Assignment
Go through the material and copy each line that includes "point".

Records for this task
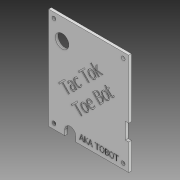
# Autodesk Inventor part: Electronics Lid
Saved by Autodesk Inventor 2020 (Build 240168000, 168)
## iProperties
Created: 2020-09-05
Part Number: Electronics Lid
Material: Generic
Document SubType Name: Modeling
Designer: DDeGo
Density: 1 g/cm^3
Appearance: Default
Author: DDeGo
Autodesk Inventor part; units mm, degrees
ref_plane "YZ Plane" through (0, 0, 0) normal (1, 0, 0) x (0, 1, 0)
ref_plane "XZ Plane" through (0, 0, 0) normal (0, 1, 0) x (-1, 0, 0)
ref_plane "XY Plane" through (0, 0, 0) normal (0, 0, 1) x (1, 0, 0)
sketch "Sketch1" plane through (0, 0, 0) normal (0, 0, 1) x (1, 0, 0)
  line L0 (-37, -47) -> (37, -47)
  line L1 (37, -47) -> (37, 47)
  line L2 (37, 47) -> (-37, 47)
  line L3 (-37, 47) -> (-37, -47)
  line L4 (-37, -47) -> (37, 47) construction
  line L5 (37, -47) -> (-37, 47) construction
  line L6 (-32, -42) -> (32, -42) construction
  line L7 (32, -42) -> (32, 42) construction
  line L8 (32, 42) -> (-32, 42) construction
  line L9 (-32, 42) -> (-32, -42) construction
  line L10 (-32, -42) -> (32, 42) construction
  line L11 (32, -42) -> (-32, 42) construction
  circle A0 centre (-32, 42) radius 1.75
  circle A1 centre (32, 42) radius 1.75
  circle A2 centre (32, -42) radius 1.75
  circle A3 centre (-32, -42) radius 1.75
  point P0 (0, 0)
  dimension "d0" = 74
  dimension "d1" = 94
  dimension "d2" = 84
  dimension "d3" = 64
  dimension "d4" = 3.5
  constraints: 24 end point, 4 centre point, 4 coincident, 4 midpoint, 4 parallel, 3 equal radius, 2 horizontal, 2 perpendicular
  measures "d0" distance of L1.end L2.end
  measures "d1" distance of L0.end L1.end
  measures "d2" distance of L6.end L7.end
  measures "d3" distance of L7.end L8.end
  measures "d4" diameter of A0
extrude "Extrusion1" add sketch "Sketch1" along normal blind 2.5
sketch "Sketch2" plane through (0, 0, 2.5) normal (0, 0, 1) x (1, 0, 0)
  line L0 (37, -47) -> (37, 47) projected
  line L1 (37, -22.5) -> (34, -22.5)
  line L2 (34, -22.5) -> (34, -7.5)
  line L3 (34, -7.5) -> (37, -7.5)
  line L4 (37, -7.5) -> (37, -22.5)
  circle A0 centre (32, -42) radius 1.75 projected
  circle A1 centre (-24.5, 27.5) radius 6.25
  line L5 (37, 47) -> (-37, 47) projected
  line L6 (-37, 47) -> (-37, -47) projected
  arc A2 (-12, -42) -> (-22, -42) centre (-17, -42) ccw
  line L7 (-22, -42) -> (-22, -47)
  line L8 (-37, -47) -> (37, -47) projected
  line L9 (-22, -47) -> (-12, -47)
  line L10 (-12, -47) -> (-12, -42)
  circle A3 centre (-32, -42) radius 1.75 projected
  point P0 (0, 0)
  point P1 (34, -15)
  dimension "d7" = 27
  dimension "d8" = 15
  dimension "d9" = 3
  dimension "d10" = 19.5
  dimension "d11" = 12.5
  dimension "d12" = 12.5
  dimension "d13" = 5
  dimension "d14" = 5
  dimension "d15" = 15
  constraints: 14 end point, 2 centre point, 2 horizontal, 2 parallel, 2 point on circle, 2 point on line, 2 tangent, 2 vertical, 1 midpoint, 1 perpendicular
  measures "d7" vertical distance of A0.centre point (34, -15)
  measures "d8" distance of L1.end L2.end
  measures "d9" distance of L1.start L1.end
  measures "d10" distance from line of L5 A1.centre
  measures "d11" distance from line of L6 A1.centre
  measures "d12" diameter of A1
  measures "d13" radius of A2
  measures "d14" distance from line of L8 A2.centre
  measures "d15" distance of A3.centre A2.centre
extrude "Extrusion2" cut sketch "Sketch2" against normal through all contours L1 L2 L3 L0 | L8 L7 A2 L10 | A0 | A1 | A3
sketch "Sketch3" plane through (0, 0, 2.5) normal (0, 0, 1) x (1, 0, 0)
  line L0 (-28.3077, -7.093) -> (10.2074, 31.4221) construction
  line L1 (10.2074, 31.4221) -> (33.5157, 8.1138) construction
  line L2 (33.5157, 8.1138) -> (-4.9994, -30.4013) construction
  line L3 (-4.9994, -30.4013) -> (-28.3077, -7.093) construction
  line L4 (-12, -47) -> (37, -47) projected
  line L5 (-8.6021, -38.2619) -> (27.6581, -38.2619) construction
  line L6 (27.6581, -38.2619) -> (27.6581, -43.4725) construction
  line L7 (27.6581, -43.4725) -> (-8.6021, -43.4725) construction
  line L8 (-8.6021, -43.4725) -> (-8.6021, -38.2619) construction
  line L9 (-18.5549, -12.1126) -> (-24.7894, -5.8782)
  line L10 (-24.7894, -5.8782) -> (-27.1617, -8.2505)
  line L11 (-27.1617, -8.2505) -> (-27.9983, -7.4139)
  line L12 (-27.9983, -7.4139) -> (-22.3139, -1.7295)
  line L13 (-22.3139, -1.7295) -> (-21.4773, -2.5661)
  line L14 (-21.4773, -2.5661) -> (-23.8496, -4.9384)
  line L15 (-23.8496, -4.9384) -> (-17.6151, -11.1729)
  line L16 (-17.6151, -11.1729) -> (-18.5549, -12.1126)
  spline S0 degree 2 poles (-12.2001, -4.6347) (-12.2288, -4.8238) (-12.309, -5.4771) (-12.3949, -5.7349) knots 0 0 0 1 2 2 2
  spline S1 degree 2 poles (-12.3949, -5.7349) (-12.5038, -6.0959) (-12.8132, -6.6689) (-13.2144, -7.0701) knots 0 0 0 1 2 2 2
  spline S2 degree 2 poles (-13.2144, -7.0701) (-13.541, -7.3967) (-14.3776, -7.7405) (-14.8245, -7.7405) knots 0 0 0 1 2 2 2
  spline S3 degree 2 poles (-14.8245, -7.7405) (-15.2543, -7.7348) (-16.1539, -7.3508) (-16.5092, -6.9956) knots 0 0 0 1 2 2 2
  spline S4 degree 2 poles (-16.5092, -6.9956) (-17.0593, -6.4455) (-17.3745, -5.202) (-17.0937, -4.4743) knots 0 0 0 1 2 2 2
  spline S5 degree 2 poles (-17.0937, -4.4743) (-16.853, -3.821) (-15.7929, -2.4515) (-15.1282, -1.7066) knots 0 0 0 1 2 2 2
  line L17 (-15.1282, -1.7066) -> (-15.3001, -1.5347)
  spline S6 degree 2 poles (-15.3001, -1.5347) (-15.6096, -1.2253) (-16.1826, -1.0304) (-16.4634, -1.0935) knots 0 0 0 1 2 2 2
  spline S7 degree 2 poles (-16.4634, -1.0935) (-16.7442, -1.1565) (-17.3057, -1.5805) (-17.5693, -1.8441) knots 0 0 0 1 2 2 2
  spline S8 degree 2 poles (-17.5693, -1.8441) (-17.8787, -2.1535) (-18.532, -3.1735) (-18.7726, -3.7695) knots 0 0 0 1 2 2 2
  line L18 (-18.7726, -3.7695) -> (-18.8242, -3.821)
  line L19 (-18.8242, -3.821) -> (-19.7353, -2.9099)
  spline S9 degree 2 poles (-19.7353, -2.9099) (-19.5577, -2.5948) (-18.807, -1.5003) (-18.3543, -1.0476) knots 0 0 0 1 2 2 2
  spline S10 degree 2 poles (-18.3543, -1.0476) (-17.8042, -0.4975) (-16.8817, 0.0812) (-16.3602, 0.1557) knots 0 0 0 1 2 2 2
  spline S11 degree 2 poles (-16.3602, 0.1557) (-15.8502, 0.2302) (-14.8704, -0.1766) (-14.3719, -0.6752) knots 0 0 0 1 2 2 2
  line L20 (-14.3719, -0.6752) -> (-10.7446, -4.3024)
  line L21 (-10.7446, -4.3024) -> (-11.6385, -5.1963)
  line L22 (-11.6385, -5.1963) -> (-12.2001, -4.6347)
  line L23 (-12.945, -3.8898) -> (-14.4177, -2.4171)
  spline S12 degree 2 poles (-14.4177, -2.4171) (-14.7099, -2.7667) (-15.5809, -3.8325) (-15.7929, -4.2279) knots 0 0 0 1 2 2 2
  spline S13 degree 2 poles (-15.7929, -4.2279) (-16.0393, -4.692) (-16.0508, -5.6089) (-15.6497, -6.01) knots 0 0 0 1 2 2 2
  spline S14 degree 2 poles (-15.6497, -6.01) (-15.1913, -6.4684) (-14.2114, -6.4168) (-13.7186, -5.924) knots 0 0 0 1 2 2 2
  spline S15 degree 2 poles (-13.7186, -5.924) (-13.3003, -5.5057) (-12.9737, -4.4571) (-12.945, -3.8898) knots 0 0 0 1 2 2 2
  spline S16 degree 2 poles (-7.2607, -1.0591) (-7.8108, -1.6092) (-9.06, -2.1822) (-9.7304, -2.165) knots 0 0 0 1 2 2 2
  spline S17 degree 2 poles (-9.7304, -2.165) (-10.3951, -2.1535) (-11.799, -1.4717) (-12.4981, -0.7726) knots 0 0 0 1 2 2 2
  spline S18 degree 2 poles (-12.4981, -0.7726) (-13.1972, -0.0735) (-13.8447, 1.319) (-13.8733, 1.9779) knots 0 0 0 1 2 2 2
  spline S19 degree 2 poles (-13.8733, 1.9779) (-13.9077, 2.6426) (-13.3461, 3.9491) (-12.8075, 4.4878) knots 0 0 0 1 2 2 2
  spline S20 degree 2 poles (-12.8075, 4.4878) (-12.372, 4.9233) (-11.3119, 5.4905) (-10.8363, 5.6453) knots 0 0 0 1 2 2 2
  line L24 (-10.8363, 5.6453) -> (-9.8335, 4.6425)
  line L25 (-9.8335, 4.6425) -> (-9.8851, 4.5909)
  spline S21 degree 2 poles (-9.8851, 4.5909) (-10.0627, 4.5737) (-10.567, 4.482) (-10.8879, 4.3789) knots 0 0 0 1 2 2 2
  spline S22 degree 2 poles (-10.8879, 4.3789) (-11.1687, 4.2815) (-11.8162, 3.9205) (-12.0454, 3.6913) knots 0 0 0 1 2 2 2
  spline S23 degree 2 poles (-12.0454, 3.6913) (-12.7387, 2.9979) (-12.5325, 1.1069) (-11.5755, 0.15) knots 0 0 0 1 2 2 2
  spline S24 degree 2 poles (-11.5755, 0.15) (-10.6415, -0.784) (-8.7792, -1.019) (-8.0572, -0.297) knots 0 0 0 1 2 2 2
  spline S25 degree 2 poles (-8.0572, -0.297) (-7.6217, 0.1385) (-7.1919, 1.2903) (-7.169, 1.8748) knots 0 0 0 1 2 2 2
  line L26 (-7.169, 1.8748) -> (-7.1174, 1.9264)
  line L27 (-7.1174, 1.9264) -> (-6.1146, 0.9236)
  spline S26 degree 2 poles (-6.1146, 0.9236) (-6.1834, 0.7287) (-6.4069, 0.15) (-6.5272, -0.0506) knots 0 0 0 1 2 2 2
  spline S27 degree 2 poles (-6.5272, -0.0506) (-6.6877, -0.3485) (-6.9799, -0.7783) (-7.2607, -1.0591) knots 0 0 0 1 2 2 2
  line L28 (-0.2469, 6.1954) -> (-6.4814, 12.4298)
  line L29 (-6.4814, 12.4298) -> (-8.8537, 10.0575)
  line L30 (-8.8537, 10.0575) -> (-9.6903, 10.8941)
  line L31 (-9.6903, 10.8941) -> (-4.0059, 16.5785)
  line L32 (-4.0059, 16.5785) -> (-3.1693, 15.7419)
  line L33 (-3.1693, 15.7419) -> (-5.5416, 13.3696)
  line L34 (-5.5416, 13.3696) -> (0.6928, 7.1351)
  line L35 (0.6928, 7.1351) -> (-0.2469, 6.1954)
  spline S28 degree 2 poles (5.4203, 17.1687) (6.7611, 15.8278) (6.933, 13.0773) (5.8558, 12) knots 0 0 0 1 2 2 2
  spline S29 degree 2 poles (5.8558, 12) (4.7498, 10.8941) (1.9764, 11.1348) (0.6814, 12.4298) knots 0 0 0 1 2 2 2
  spline S30 degree 2 poles (0.6814, 12.4298) (-0.648, 13.7592) (-0.8142, 16.5384) (0.2516, 17.6042) knots 0 0 0 1 2 2 2
  spline S31 degree 2 poles (0.2516, 17.6042) (1.3289, 18.6815) (4.0851, 18.5038) (5.4203, 17.1687) knots 0 0 0 1 2 2 2
  spline S32 degree 2 poles (4.4977, 16.2461) (3.4663, 17.2776) (1.7128, 17.5297) (1.0195, 16.8363) knots 0 0 0 1 2 2 2
  spline S33 degree 2 poles (1.0195, 16.8363) (0.3261, 16.143) (0.5725, 14.3838) (1.6039, 13.3524) knots 0 0 0 1 2 2 2
  spline S34 degree 2 poles (1.6039, 13.3524) (2.6067, 12.3496) (4.3946, 12.0745) (5.0879, 12.7679) knots 0 0 0 1 2 2 2
  spline S35 degree 2 poles (5.0879, 12.7679) (5.7755, 13.4555) (5.5177, 15.2262) (4.4977, 16.2461) knots 0 0 0 1 2 2 2
  line L36 (13.3852, 19.8275) -> (12.2105, 18.6528)
  line L37 (12.2105, 18.6528) -> (7.678, 19.243)
  line L38 (7.678, 19.243) -> (7.6665, 18.5439)
  line L39 (7.6665, 18.5439) -> (9.8841, 16.3264)
  line L40 (9.8841, 16.3264) -> (8.9902, 15.4324)
  line L41 (8.9902, 15.4324) -> (1.6039, 22.8187)
  line L42 (1.6039, 22.8187) -> (2.4979, 23.7126)
  line L43 (2.4979, 23.7126) -> (6.8184, 19.392)
  line L44 (6.8184, 19.392) -> (6.6752, 23.7298)
  line L45 (6.6752, 23.7298) -> (7.7868, 24.8414)
  line L46 (7.7868, 24.8414) -> (7.8269, 20.4464)
  line L47 (7.8269, 20.4464) -> (13.3852, 19.8275)
  line L48 (-6.9126, -23.755) -> (-13.147, -17.5205)
  line L49 (-13.147, -17.5205) -> (-15.5193, -19.8928)
  line L50 (-15.5193, -19.8928) -> (-16.3559, -19.0562)
  line L51 (-16.3559, -19.0562) -> (-10.6716, -13.3718)
  line L52 (-10.6716, -13.3718) -> (-9.835, -14.2084)
  line L53 (-9.835, -14.2084) -> (-12.2073, -16.5808)
  line L54 (-12.2073, -16.5808) -> (-5.9728, -22.8152)
  line L55 (-5.9728, -22.8152) -> (-6.9126, -23.755)
  spline S36 degree 2 poles (-1.2454, -12.7816) (0.0955, -14.1225) (0.2674, -16.873) (-0.8099, -17.9503) knots 0 0 0 1 2 2 2
  spline S37 degree 2 poles (-0.8099, -17.9503) (-1.9158, -19.0562) (-4.6893, -18.8155) (-5.9843, -17.5205) knots 0 0 0 1 2 2 2
  spline S38 degree 2 poles (-5.9843, -17.5205) (-7.3137, -16.1911) (-7.4799, -13.412) (-6.414, -12.3461) knots 0 0 0 1 2 2 2
  spline S39 degree 2 poles (-6.414, -12.3461) (-5.3368, -11.2689) (-2.5805, -11.4465) (-1.2454, -12.7816) knots 0 0 0 1 2 2 2
  spline S40 degree 2 poles (-2.168, -13.7042) (-3.1994, -12.6728) (-4.9528, -12.4206) (-5.6462, -13.114) knots 0 0 0 1 2 2 2
  spline S41 degree 2 poles (-5.6462, -13.114) (-6.3396, -13.8073) (-6.0932, -15.5665) (-5.0617, -16.5979) knots 0 0 0 1 2 2 2
  spline S42 degree 2 poles (-5.0617, -16.5979) (-4.0589, -17.6007) (-2.2711, -17.8758) (-1.5778, -17.1824) knots 0 0 0 1 2 2 2
  spline S43 degree 2 poles (-1.5778, -17.1824) (-0.8901, -16.4948) (-1.148, -14.7242) (-2.168, -13.7042) knots 0 0 0 1 2 2 2
  spline S44 degree 2 poles (4.7484, -12.3347) (3.4763, -13.6068) (0.6513, -13.5781) (-0.6667, -12.2602) knots 0 0 0 1 2 2 2
  spline S45 degree 2 poles (-0.6667, -12.2602) (-1.9617, -10.9652) (-2.1393, -8.0714) (-1.0448, -6.9769) knots 0 0 0 1 2 2 2
  spline S46 degree 2 poles (-1.0448, -6.9769) (-0.5521, -6.4841) (0.4966, -6.0085) (1.0811, -6.0315) knots 0 0 0 1 2 2 2
  spline S47 degree 2 poles (1.0811, -6.0315) (1.6713, -6.0486) (2.8517, -6.6217) (3.4877, -7.2577) knots 0 0 0 1 2 2 2
  line L56 (3.4877, -7.2577) -> (3.9748, -7.7448)
  line L57 (3.9748, -7.7448) -> (0.3017, -11.4178)
  spline S48 degree 2 poles (0.3017, -11.4178) (1.2243, -12.3404) (3.1325, -12.392) (3.9576, -11.5668) knots 0 0 0 1 2 2 2
  spline S49 degree 2 poles (3.9576, -11.5668) (4.2499, -11.2746) (4.6854, -10.5755) (4.8114, -10.2431) knots 0 0 0 1 2 2 2
  spline S50 degree 2 poles (4.8114, -10.2431) (4.9375, -9.8879) (5.0693, -9.355) (5.0865, -9.1544) knots 0 0 0 1 2 2 2
  line L58 (5.0865, -9.1544) -> (5.138, -9.1028)
  line L59 (5.138, -9.1028) -> (6.1122, -10.077)
  spline S51 degree 2 poles (6.1122, -10.077) (6.0205, -10.2947) (5.734, -10.948) (5.6022, -11.1829) knots 0 0 0 1 2 2 2
  spline S52 degree 2 poles (5.6022, -11.1829) (5.4188, -11.5153) (5.0693, -12.0138) (4.7484, -12.3347) knots 0 0 0 1 2 2 2
  spline S53 degree 2 poles (2.4219, -7.9339) (2.0495, -7.5843) (1.3733, -7.2061) (1.0524, -7.1718) knots 0 0 0 1 2 2 2
  spline S54 degree 2 poles (1.0524, -7.1718) (0.6971, -7.1259) (-0.002, -7.401) (-0.363, -7.762) knots 0 0 0 1 2 2 2
  spline S55 degree 2 poles (-0.363, -7.762) (-0.7182, -8.1172) (-1.0047, -8.8278) (-1.0047, -9.2404) knots 0 0 0 1 2 2 2
  spline S56 degree 2 poles (-1.0047, -9.2404) (-0.9933, -9.6529) (-0.6896, -10.3692) (-0.3801, -10.7359) knots 0 0 0 1 2 2 2
  line L60 (-0.3801, -10.7359) -> (2.4219, -7.9339)
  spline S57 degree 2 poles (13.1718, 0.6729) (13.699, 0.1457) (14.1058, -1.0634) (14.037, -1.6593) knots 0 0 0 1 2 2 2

Exercise answer
  point P0 (0, 0)
  constraints: 24 end point, 4 centre point, 4 coincident, 4 midpoint, 4 parallel, 3 equal radius, 2 horizontal, 2 perpendicular
  point P0 (0, 0)
  point P1 (34, -15)
  constraints: 14 end point, 2 centre point, 2 horizontal, 2 parallel, 2 point on circle, 2 point on line, 2 tangent, 2 vertical, 1 midpoint, 1 perpendicular
  measures "d7" vertical distance of A0.centre point (34, -15)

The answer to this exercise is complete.